Be it enacted by the Senate and House of Representatives of the United States of America in Congress assembled,

SECTION 1. Short title.

This Act may be cited as the “Preventing Labor Union Slowdowns Act of 2017” or the “PLUS Act”.

SEC. 2. Deterring labor slowdowns.

(a) Amendments to the National Labor Relations Act.—The National Labor Relations Act is amended—

(1) in section 1 (29 U.S.C. 151), by adding at the end the following:

“ International trade is one of the most important components of the economy of the United States and will likely continue to grow in the future. In order to remain competitive in an increasingly competitive global economy, it is essential that the United States possess a highly efficient and reliable public and private transportation network. The ports of the United States are an increasingly important part of such transportation network. Experience has demonstrated that frequent and periodic disruptions to commerce in the maritime industry in the form of deliberate and unprotected labor slowdowns at the ports of the United States have led to substantial and frequent economic disruption and loss, interfering with the free flow of domestic and international commerce and threatening the economic health of the United States, as well as its citizens and businesses. Such frequent and periodic disruptions to commerce in the maritime industry hurt the reputation of the United States in the global economy, cause the ports of the United States to lose business, and represent a serious and burgeoning threat to the financial health and economic stability of the United States. It is hereby declared to be the policy of the United States to eliminate the causes and mitigate the effects of such disruptions to commerce in the maritime industry and to provide effective and prompt remedies to individuals injured by such disruptions.”;

(2) in section 2 (29 U.S.C. 152), by adding at the end the following:

“(15) The term ‘employee engaged in maritime employment’ has the meaning given the term ‘employee’ in section 2(3) of the Longshore and Harbor Workers' Compensation Act (33 U.S.C. 902(3)).

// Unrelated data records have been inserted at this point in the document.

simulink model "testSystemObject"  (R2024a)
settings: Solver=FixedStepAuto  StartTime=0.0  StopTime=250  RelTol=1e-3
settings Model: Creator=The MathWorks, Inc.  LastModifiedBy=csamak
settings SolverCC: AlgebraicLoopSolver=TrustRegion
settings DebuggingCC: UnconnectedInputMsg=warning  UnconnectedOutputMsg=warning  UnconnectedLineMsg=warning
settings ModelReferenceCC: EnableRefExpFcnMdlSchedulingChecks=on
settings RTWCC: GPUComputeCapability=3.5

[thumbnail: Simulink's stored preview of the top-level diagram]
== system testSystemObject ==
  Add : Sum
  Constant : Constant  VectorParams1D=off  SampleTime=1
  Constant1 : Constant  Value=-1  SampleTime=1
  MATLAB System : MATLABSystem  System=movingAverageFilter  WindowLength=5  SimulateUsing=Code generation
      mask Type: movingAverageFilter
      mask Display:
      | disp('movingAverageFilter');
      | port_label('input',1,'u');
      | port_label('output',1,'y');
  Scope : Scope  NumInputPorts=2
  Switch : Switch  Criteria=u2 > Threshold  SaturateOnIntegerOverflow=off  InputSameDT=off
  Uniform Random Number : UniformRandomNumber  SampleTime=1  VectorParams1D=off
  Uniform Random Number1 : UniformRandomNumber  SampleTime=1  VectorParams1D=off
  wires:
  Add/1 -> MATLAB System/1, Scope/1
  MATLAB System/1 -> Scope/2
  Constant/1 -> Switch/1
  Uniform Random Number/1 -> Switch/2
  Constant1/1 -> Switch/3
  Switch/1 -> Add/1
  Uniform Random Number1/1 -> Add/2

“(16) The term ‘labor slowdown’—

“(A) includes any intentional effort by employees to reduce productivity or efficiency in the performance of any duty of such employees; and

“(B) does not include any such effort required by the good faith belief of such employees that an abnormally dangerous condition exists at the place of employment of such employees.”;

(3) in section 8(b) (29 U.S.C. 158(b))—

(A) in paragraph (6), by striking “and” after the semicolon;

(B) in paragraph (7), by striking the period at the end of the matter following subparagraph (C) and inserting “; and”; and

(C) by adding at the end the following:

“(8) in representing, or seeking to represent, employees engaged in maritime employment, to engage in a labor slowdown at any time, including when a collective-bargaining agreement is in effect.”; and

(4) in section 10(l) (29 U.S.C. 160(l)), in the first sentence, by striking “or section 8(b)(7)” and inserting “or paragraph (7) or (8) of section 8(b)”.

(b) Amendment to the Labor Management Relations Act, 1947.—Section 303 of the Labor Management Relations Act, 1947 (29 U.S.C. 187) is amended—

(1) in subsection (a), by striking “in section 8(b)(4)” and inserting “under paragraph (4) or (8) of section 8(b)”;

(2) in subsection (b), by adding at the end the following: “With respect to any unfair labor practice under section 8(b)(8) of the National Labor Relations Act (29 U.S.C. 158(b)(8)), the damages recovered shall be in an amount equal to 2 times the amount of damages sustained and the cost of the suit shall include any reasonable attorney fees and expert witness fees.”; and

(3) by adding at the end the following:

“(c) In an action for damages resulting from a violation of section 8(b)(8) of the National Labor Relations Act (29 U.S.C. 158(b)(8)), it shall not be a defense that the injured party has, in any manner, waived, or purported to waive, the right of such party to pursue monetary damages relating to the labor slowdown at issue—

“(1) in connection with a contractual grievance alleging a violation of a clause prohibiting a strike, or a similar clause, in a collective-bargaining agreement; or

“(2) in connection with an action for a breach of such a clause under section 301.”.